# Finally Sasha Popped and so did Hope



## Suzie (Jun 18, 2008)

Sasha was enormous! Then we got to the barn this morning and found this little girl not even dry yet at 7 am:












Hope had a jack too: Ike











That does it for us for a while until Burrito decides to have her baby sometime in late summer.
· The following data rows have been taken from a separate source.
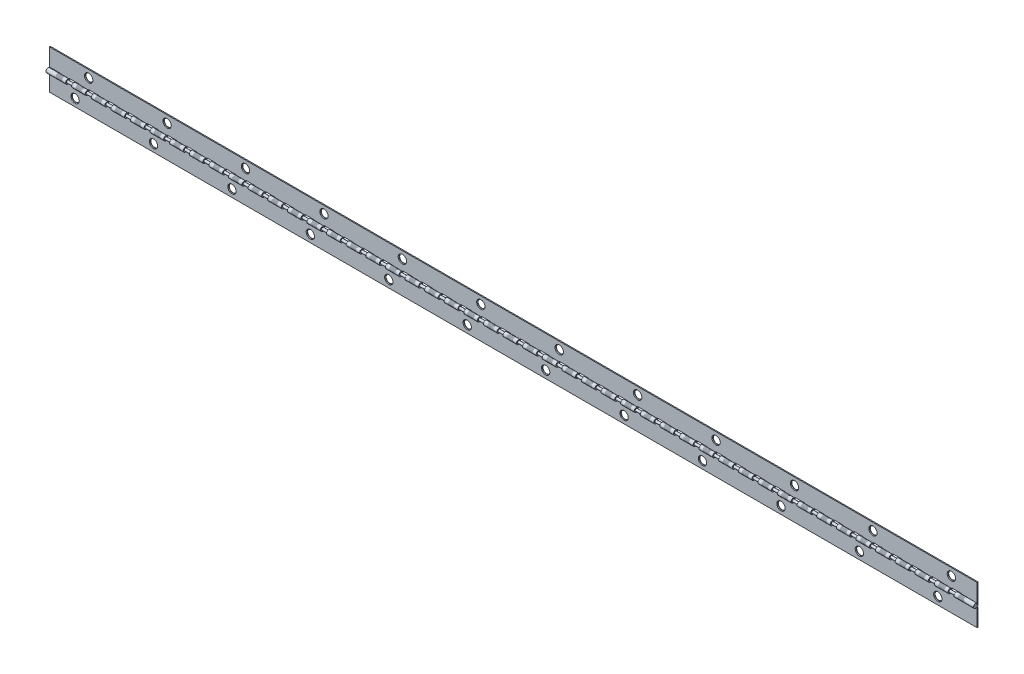
from build123d import *

# Parameters (mm, degrees)
BOSS_EXTRUDE2_DEPTH          = 300.4
SKETCH6_W                    = 6.35
SKETCH6_H                    = 2.8702
CUT_EXTRUDE1_DEPTH           = 301.671763742
LPATTERN1_COUNT              = 47
LPATTERN1_PITCH              = 12.7
CUT_EXTRUDE2_START           = 0.238125
SKETCH8_R                    = 2.3622
CUT_EXTRUDE2_DEPTH           = 0.635
CUT_EXTRUDE2_TAPER           = -41
CUT_EXTRUDE2_OTHER_WAY_DEPTH = 301.68203812
CIRPATTERN1_COUNT            = 2
CUT_EXTRUDE3_START           = -0.793753
SKETCH9_R                    = 0.478366667
CUT_EXTRUDE3_DEPTH           = 0.793754
LPATTERN3_COUNT              = 47
LPATTERN3_PITCH              = 12.7
SKETCH10_R                   = 0.79375
BOSS_EXTRUDE3_DEPTH          = 300.4


# Read off the part's stored shape, not the designer's step: LPattern2
with BuildPart() as part:
    # Sketch5 → Boss-Extrude2 (new, symmetric)
    with BuildSketch(Plane(origin=(0, 0, 0), x_dir=(0, 0, -1), z_dir=(1, 0, 0))):
        with BuildLine():
            Line((0.606499467, -1.300642305), (0.338136871, -0.72513686))
            ThreePointArc((0.338136871, -0.72513686), (-0.674797496, 0.429893417), (0.8001, 0))
            Line((0.8001, 0), (0.8001, -12.7))
            Line((0.8001, -12.7), (1.4351, -12.7))
            Line((1.4351, -12.7), (1.4351, 0))
            ThreePointArc((1.4351, 0), (-1.210351064, 0.771078668), (0.606499467, -1.300642305))
        make_face()
    extrude(amount=BOSS_EXTRUDE2_DEPTH, both=True)

    # Sketch6 → Cut-Extrude1 (cut, symmetric)
    with BuildSketch(Plane.XY):
        with Locations((297.225, 0)):
            Rectangle(SKETCH6_W, SKETCH6_H)
    cut_extrude1 = extrude(amount=CUT_EXTRUDE1_DEPTH, both=True, mode=Mode.SUBTRACT)

    # LPattern1: Cut-Extrude1 ×47
    with Locations(*[(-i * LPATTERN1_PITCH, 0, 0) for i in range(1, LPATTERN1_COUNT)]):
        add(cut_extrude1, mode=Mode.SUBTRACT)

    # Sketch8 → Cut-Extrude2 (cut)
    with BuildSketch(Plane.XY.offset(-1.4351).offset(CUT_EXTRUDE2_START)):
        with Locations((275, -7.9375)):
            Circle(SKETCH8_R)
    extrude(amount=CUT_EXTRUDE2_DEPTH, taper=CUT_EXTRUDE2_TAPER, mode=Mode.SUBTRACT)

    # Sketch8 → Cut-Extrude2 other way (cut)
    with BuildSketch(Plane.XY.offset(-1.4351).offset(CUT_EXTRUDE2_START)):
        with Locations((275, -7.9375)):
            Circle(SKETCH8_R)
    extrude(amount=-CUT_EXTRUDE2_OTHER_WAY_DEPTH, mode=Mode.SUBTRACT)

    # LPattern2 outline → LPattern2 (revolve, cut)
    with BuildSketch(Plane(origin=(-283.8, -7.9375, 0), x_dir=(1, 0, 0), z_dir=(0, -1, 0))):
        Polygon((0, -1.4351), (2.3622, -1.4351), (2.3622, -1.196975), (2.707198174, -0.8001), (0, -0.8001), align=None)
    revolve(axis=Axis((-283.8, -7.9375, 0), (0, 0, 1)), mode=Mode.SUBTRACT)

    # LPattern2 2 outline → LPattern2 2 (revolve, cut)
    with BuildSketch(Plane(origin=(-233, -7.9375, 0), x_dir=(1, 0, 0), z_dir=(0, -1, 0))):
        Polygon((0, -1.4351), (2.3622, -1.4351), (2.3622, -1.196975), (2.707198174, -0.8001), (0, -0.8001), align=None)
    revolve(axis=Axis((-233, -7.9375, 0), (0, 0, 1)), mode=Mode.SUBTRACT)

    # LPattern2 3 outline → LPattern2 3 (revolve, cut)
    with BuildSketch(Plane(origin=(-182.2, -7.9375, 0), x_dir=(1, 0, 0), z_dir=(0, -1, 0))):
        Polygon((0, -1.4351), (2.3622, -1.4351), (2.3622, -1.196975), (2.707198174, -0.8001), (0, -0.8001), align=None)
    revolve(axis=Axis((-182.2, -7.9375, 0), (0, 0, 1)), mode=Mode.SUBTRACT)

    # LPattern2 4 outline → LPattern2 4 (revolve, cut)
    with BuildSketch(Plane(origin=(-131.4, -7.9375, 0), x_dir=(1, 0, 0), z_dir=(0, -1, 0))):
        Polygon((0, -1.4351), (2.3622, -1.4351), (2.3622, -1.196975), (2.707198174, -0.8001), (0, -0.8001), align=None)
    revolve(axis=Axis((-131.4, -7.9375, 0), (0, 0, 1)), mode=Mode.SUBTRACT)

    # LPattern2 5 outline → LPattern2 5 (revolve, cut)
    with BuildSketch(Plane(origin=(-80.6, -7.9375, 0), x_dir=(1, 0, 0), z_dir=(0, -1, 0))):
        Polygon((0, -1.4351), (2.3622, -1.4351), (2.3622, -1.196975), (2.707198174, -0.8001), (0, -0.8001), align=None)
    revolve(axis=Axis((-80.6, -7.9375, 0), (0, 0, 1)), mode=Mode.SUBTRACT)

    # LPattern2 6 outline → LPattern2 6 (revolve, cut)
    with BuildSketch(Plane(origin=(-29.8, -7.9375, 0), x_dir=(1, 0, 0), z_dir=(0, -1, 0))):
        Polygon((0, -1.4351), (2.3622, -1.4351), (2.3622, -1.196975), (2.707198174, -0.8001), (0, -0.8001), align=None)
    revolve(axis=Axis((-29.8, -7.9375, 0), (0, 0, 1)), mode=Mode.SUBTRACT)

    # LPattern2 7 outline → LPattern2 7 (revolve, cut)
    with BuildSketch(Plane(origin=(21, -7.9375, 0), x_dir=(1, 0, 0), z_dir=(0, -1, 0))):
        Polygon((0, -1.4351), (2.3622, -1.4351), (2.3622, -1.196975), (2.707198174, -0.8001), (0, -0.8001), align=None)
    revolve(axis=Axis((21, -7.9375, 0), (0, 0, 1)), mode=Mode.SUBTRACT)

    # LPattern2 8 outline → LPattern2 8 (revolve, cut)
    with BuildSketch(Plane(origin=(71.8, -7.9375, 0), x_dir=(1, 0, 0), z_dir=(0, -1, 0))):
        Polygon((0, -1.4351), (2.3622, -1.4351), (2.3622, -1.196975), (2.707198174, -0.8001), (0, -0.8001), align=None)
    revolve(axis=Axis((71.8, -7.9375, 0), (0, 0, 1)), mode=Mode.SUBTRACT)

    # LPattern2 9 outline → LPattern2 9 (revolve, cut)
    with BuildSketch(Plane(origin=(122.6, -7.9375, 0), x_dir=(1, 0, 0), z_dir=(0, -1, 0))):
        Polygon((0, -1.4351), (2.3622, -1.4351), (2.3622, -1.196975), (2.707198174, -0.8001), (0, -0.8001), align=None)
    revolve(axis=Axis((122.6, -7.9375, 0), (0, 0, 1)), mode=Mode.SUBTRACT)

    # LPattern2 10 outline → LPattern2 10 (revolve, cut)
    with BuildSketch(Plane(origin=(173.4, -7.9375, 0), x_dir=(1, 0, 0), z_dir=(0, -1, 0))):
        Polygon((0, -1.4351), (2.3622, -1.4351), (2.3622, -1.196975), (2.707198174, -0.8001), (0, -0.8001), align=None)
    revolve(axis=Axis((173.4, -7.9375, 0), (0, 0, 1)), mode=Mode.SUBTRACT)

    # LPattern2 11 outline → LPattern2 11 (revolve, cut)
    with BuildSketch(Plane(origin=(224.2, -7.9375, 0), x_dir=(1, 0, 0), z_dir=(0, -1, 0))):
        Polygon((2.707198174, -0.8001), (0, -0.8001), (0, -1.4351), (2.3622, -1.4351), (2.3622, -1.196975), align=None)
    revolve(axis=Axis((224.2, -7.9375, 0), (0, 0, 1)), mode=Mode.SUBTRACT)


with BuildPart() as cirpattern1_1:
    # CirPattern1: pattern copy
    add(part.part.rotate(Axis((0, 0, 0), (0, 0, 1)), 1 * 360 / CIRPATTERN1_COUNT))

    # Sketch9 → Cut-Extrude3 (cut)
    with BuildSketch(Plane(origin=(0, 0, -1.4351), x_dir=(-1, 0, 0), z_dir=(0, 0, -1)).offset(CUT_EXTRUDE3_START)):
        with Locations((-296.2725, 0)):
            Circle(SKETCH9_R)
    cut_extrude3 = extrude(amount=CUT_EXTRUDE3_DEPTH, mode=Mode.SUBTRACT)

    # LPattern3: Cut-Extrude3 ×47
    with Locations(*[(-i * LPATTERN3_PITCH, 0, 0) for i in range(1, LPATTERN3_COUNT)]):
        add(cut_extrude3, mode=Mode.SUBTRACT)


with BuildPart() as body_3:
    # Sketch10 → Boss-Extrude3 (new, symmetric)
    with BuildSketch(Plane(origin=(0, 0, 0), x_dir=(0, 0, -1), z_dir=(1, 0, 0))):
        Circle(SKETCH10_R)
    extrude(amount=BOSS_EXTRUDE3_DEPTH, both=True)


solid = Compound([part.part, cirpattern1_1.part, body_3.part])
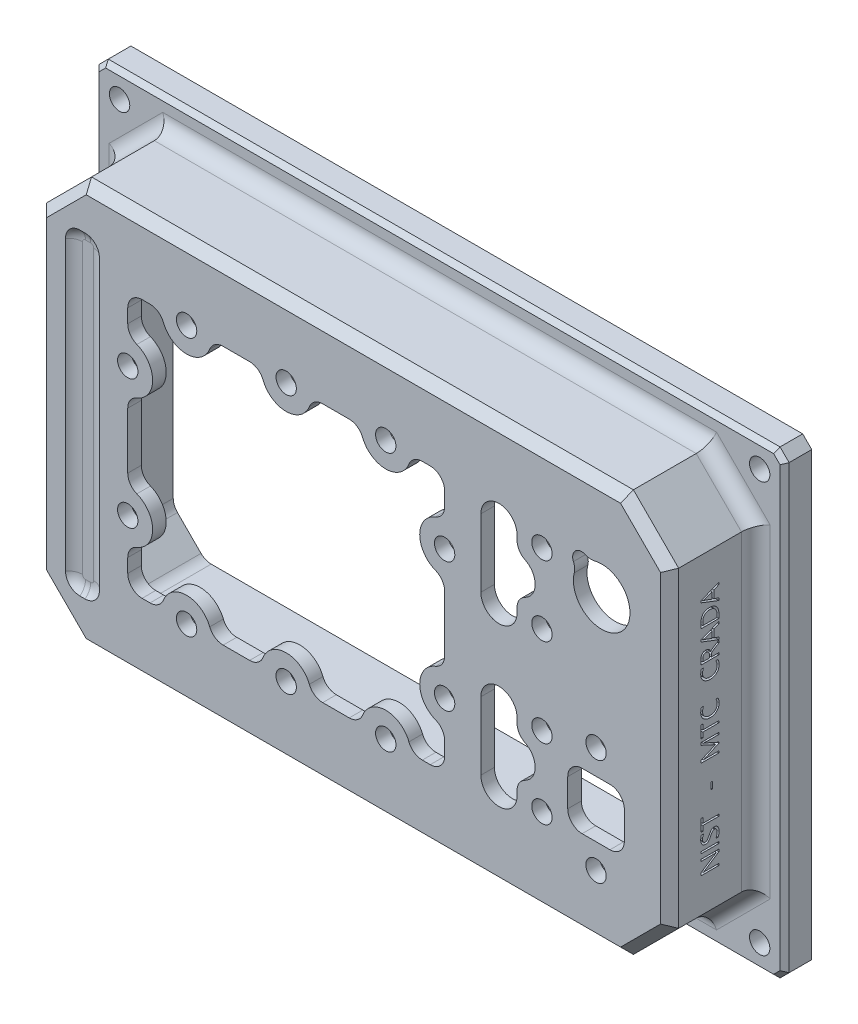
from build123d import *

# Parameters (mm, degrees)
SKETCH1_W                            = 152.4
SKETCH1_H                            = 101.6
FLANGE_BASE_DEPTH                    = 6
COVER_EXTERIOR_DEPTH                 = 19.05
F_4X_CLEARANCE_HOLE_M4_FLANGE_D      = 4.5
COVER_INTERIOR_DEPTH                 = 22.05
WINDOW_COVER_DEPTH                   = 185.867040059
F_10X_CLEARANCE_HOLE_M4_WINDOW_D     = 4.5
SKETCH8_W                            = 7.5
SKETCH8_H                            = 70
GROOVE_TOP_COVER_DEPTH               = 1.25
SKETCH9_W                            = 12.5
SKETCH9_H                            = 12.5
PORTS_TOP_COVER_DEPTH                = 185.867040059
F_2X_CLEARANCE_HOLE_M4_PORT_SQUARE_D = 4.5
F_4X_CLEARANCE_HOLE_M4_PORT_SLOTS_D  = 4.5
FILLET_3_175MM_FLANGE_R              = 3.175
FILLET_3_175MM_WINDOW_R              = 3.175
FILLET_3_175MM_PORTS_R               = 3.175
FILLET_3_175MM_GROOVE_R              = 3.175
FILLET_3MM_COVER_INTERIOR_R          = 3.175
CHAMFER_2MM_SIZE                     = 2
CHAMFER_1MM_SIZE                     = 1
SKETCH13_W                           = 3.950146484
SKETCH13_H                           = 0.40514323
SKETCH13_W_2                         = 0.354500326
SKETCH13_H_2                         = 1.468644205
ENGRAVING_TEXT_DEPTH                 = 1.5


with BuildPart() as part:
    # Sketch1 → Flange, Base (new body)
    with BuildSketch(Plane.XY):
        with Locations((76.2, 50.8)):
            Rectangle(SKETCH1_W, SKETCH1_H)
    extrude(amount=FLANGE_BASE_DEPTH)

    # Sketch2 → Cover, Exterior (add)
    with BuildSketch(Plane.XY.offset(6)):
        Polygon((16.35, 95.25), (6.35, 85.25), (6.35, 16.35), (16.35, 6.35), (136.05, 6.35), (146.05, 16.35), (146.05, 85.25), (136.05, 95.25), align=None)
    extrude(amount=COVER_EXTERIOR_DEPTH)

    # 4X, Clearance Hole, M4, Flange (through all)
    with Locations(Plane.XY.offset(6)):
        with Locations((146.9, 5.5), (5.5, 5.5), (5.5, 96.1), (146.9, 96.1)):
            Hole(F_4X_CLEARANCE_HOLE_M4_FLANGE_D / 2)

    # Sketch5 → Cover, Interior (cut)
    with BuildSketch(Plane(origin=(0, 0, 0), x_dir=(-1, 0, 0), z_dir=(0, 0, -1))):
        Polygon((-11.35, 83.178932188), (-18.421067812, 90.25), (-133.978932188, 90.25), (-141.05, 83.178932188), (-141.05, 18.421067812), (-133.978932188, 11.35), (-18.421067812, 11.35), (-11.35, 18.421067812), align=None)
    extrude(amount=-COVER_INTERIOR_DEPTH, mode=Mode.SUBTRACT)

    # Sketch6 → Window, Cover (cut, through all)
    with BuildSketch(Plane.XY.offset(25.05)):
        with BuildLine():
            Line((26.35, 79.375), (33.85, 79.375))
            ThreePointArc((33.85, 79.375), (39.35, 73.875), (44.85, 79.375))
            Line((44.85, 79.375), (55.85, 79.375))
            ThreePointArc((55.85, 79.375), (61.35, 73.875), (66.85, 79.375))
            Line((66.85, 79.375), (77.85, 79.375))
            ThreePointArc((77.85, 79.375), (83.35, 73.875), (88.85, 79.375))
            Line((88.85, 79.375), (96.35, 79.375))
            Line((96.35, 79.375), (96.35, 70.5875))
            ThreePointArc((96.35, 70.5875), (90.85, 65.0875), (96.35, 59.5875))
            Line((96.35, 59.5875), (96.35, 42.0125))
            ThreePointArc((96.35, 42.0125), (90.85, 36.5125), (96.35, 31.0125))
            Line((96.35, 31.0125), (96.35, 22.225))
            Line((96.35, 22.225), (88.85, 22.225))
            ThreePointArc((88.85, 22.225), (83.35, 27.725), (77.85, 22.225))
            Line((77.85, 22.225), (66.85, 22.225))
            ThreePointArc((66.85, 22.225), (61.35, 27.725), (55.85, 22.225))
            Line((55.85, 22.225), (44.85, 22.225))
            ThreePointArc((44.85, 22.225), (39.35, 27.725), (33.85, 22.225))
            Line((33.85, 22.225), (26.35, 22.225))
            Line((26.35, 22.225), (26.35, 31.0125))
            ThreePointArc((26.35, 31.0125), (31.85, 36.5125), (26.35, 42.0125))
            Line((26.35, 42.0125), (26.35, 59.5875))
            ThreePointArc((26.35, 59.5875), (31.85, 65.0875), (26.35, 70.5875))
            Line((26.35, 70.5875), (26.35, 79.375))
        make_face()
    extrude(amount=-WINDOW_COVER_DEPTH, mode=Mode.SUBTRACT)

    # 10X, Clearance Hole, M4, Window (through all)
    with Locations(Plane(origin=(39.35, 22.225, 25.05), x_dir=(1, 0, 0), z_dir=(0, 0, 1))):
        with Locations((0, 0), (22, 0), (44, 0), (57, 14.2875), (57, 42.8625), (44, 57.15), (22, 57.15), (0, 57.15), (-13, 42.8625), (-13, 14.2875)):
            Hole(F_10X_CLEARANCE_HOLE_M4_WINDOW_D / 2)

    # Sketch8 → Groove, Top, Cover (cut)
    with BuildSketch(Plane.XY.offset(25.05)):
        with Locations((16.35, 50.8)):
            Rectangle(SKETCH8_W, SKETCH8_H)
    extrude(amount=-GROOVE_TOP_COVER_DEPTH, mode=Mode.SUBTRACT)

    # Sketch9 → Ports, Top, Cover (cut, through all)
    with BuildSketch(Plane.XY.offset(25.05)):
        with BuildLine():
            Line((112.35, 29.3), (112.35, 25.8))
            ThreePointArc((112.35, 25.8), (108.35, 21.8), (104.35, 25.8))
            Line((104.35, 25.8), (104.35, 40.8))
            ThreePointArc((104.35, 40.8), (108.35, 44.8), (112.35, 40.8))
            Line((112.35, 40.8), (112.35, 37.3))
            ThreePointArc((112.35, 37.3), (116.35, 33.3), (112.35, 29.3))
        make_face()
        with Locations((129.8, 32.05)):
            Rectangle(SKETCH9_W, SKETCH9_H)
        with BuildLine():
            Line((112.35, 75.8), (112.35, 72.3))
            ThreePointArc((112.35, 72.3), (116.35, 68.3), (112.35, 64.3))
            Line((112.35, 64.3), (112.35, 60.8))
            ThreePointArc((112.35, 60.8), (108.35, 56.8), (104.35, 60.8))
            Line((104.35, 60.8), (104.35, 75.8))
            ThreePointArc((104.35, 75.8), (108.35, 79.8), (112.35, 75.8))
        make_face()
        with BuildLine():
            ThreePointArc((125.460862518, 76.097148943), (135.469417382, 68.880582618), (128.252851057, 78.889137482))
            ThreePointArc((128.252851057, 78.889137482), (125.216369055, 79.133630945), (125.460862518, 76.097148943))
        make_face()
    extrude(amount=-PORTS_TOP_COVER_DEPTH, mode=Mode.SUBTRACT)

    # 2X, Clearance Hole, M4, Port, Square (through all)
    with Locations(Plane(origin=(129.8, 43.8, 25.05), x_dir=(1, 0, 0), z_dir=(0, 0, 1))):
        with Locations((0, 0), (0, -23.5)):
            Hole(F_2X_CLEARANCE_HOLE_M4_PORT_SQUARE_D / 2)

    # 4X, Clearance Hole, M4, Port, Slots (through all)
    with Locations(Plane(origin=(117.85, 76.045966692, 25.05), x_dir=(1, 0, 0), z_dir=(0, 0, 1))):
        with Locations((0, 0), (0, -15.491933384), (0, -35), (0, -50.491933384)):
            Hole(F_4X_CLEARANCE_HOLE_M4_PORT_SLOTS_D / 2)

    # Fillet, 3.175mm, Flange
    fillet_3_175mm_flange_edges = [part.edges().sort_by_distance(p)[0] for p in [
        (6.35, 50.8, 6),
        (11.35, 11.35, 6),
        (76.2, 6.35, 6),
        (141.05, 11.35, 6),
        (146.05, 50.8, 6),
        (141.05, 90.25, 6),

Time to play with them now.



))


----------



## JustAGamble11 (Jun 18, 2008)

awwwwwwwwwwwwwww they are absolutly adorable!!!!



and CONGRATS!!!!!!!


----------



## lilhorseladie (Jun 18, 2008)

They are huggable!


----------



## Bunnylady (Jun 18, 2008)

:love



:love



:love

How do you get anything done? I'd want to watch them all day!


----------



## Krazee bout Kasspur (Jun 18, 2008)

Hooray...the wait is over!!

They're both such cuties.

CONGRATS!!!

Lori


----------



## Suzie (Jun 18, 2008)

Thanks! I don't get much done





Last evening I sat down at the pasture until dark just watching them. The very best part of my day


----------



## Shari (Jun 18, 2008)

Adorable babies, Congrats!!


----------



## crackerjackjack (Jun 18, 2008)

Congrats, they sure are cute babies.


----------



## ChrystalPaths (Jun 19, 2008)

Awwwwwwwwwwwwww Suzie SO cute!


----------



## Emily's mom (Jun 19, 2008)

They are adorable!!

I'd watch them all day too!!

Congrats!!


----------



## Suzie (Jun 20, 2008)

Update on the donkeys above- Sasha's little gray jenny passed away today at noon. She just failed to thrive despite all our efforts. Sasha had been so huge for so long and was a month overdue. Not sure if that had any influence on this or not. The other baby born that day is doing just fine. This is the first baby donkey we have lost - I guess it was our turn. But it does baffle me some.


----------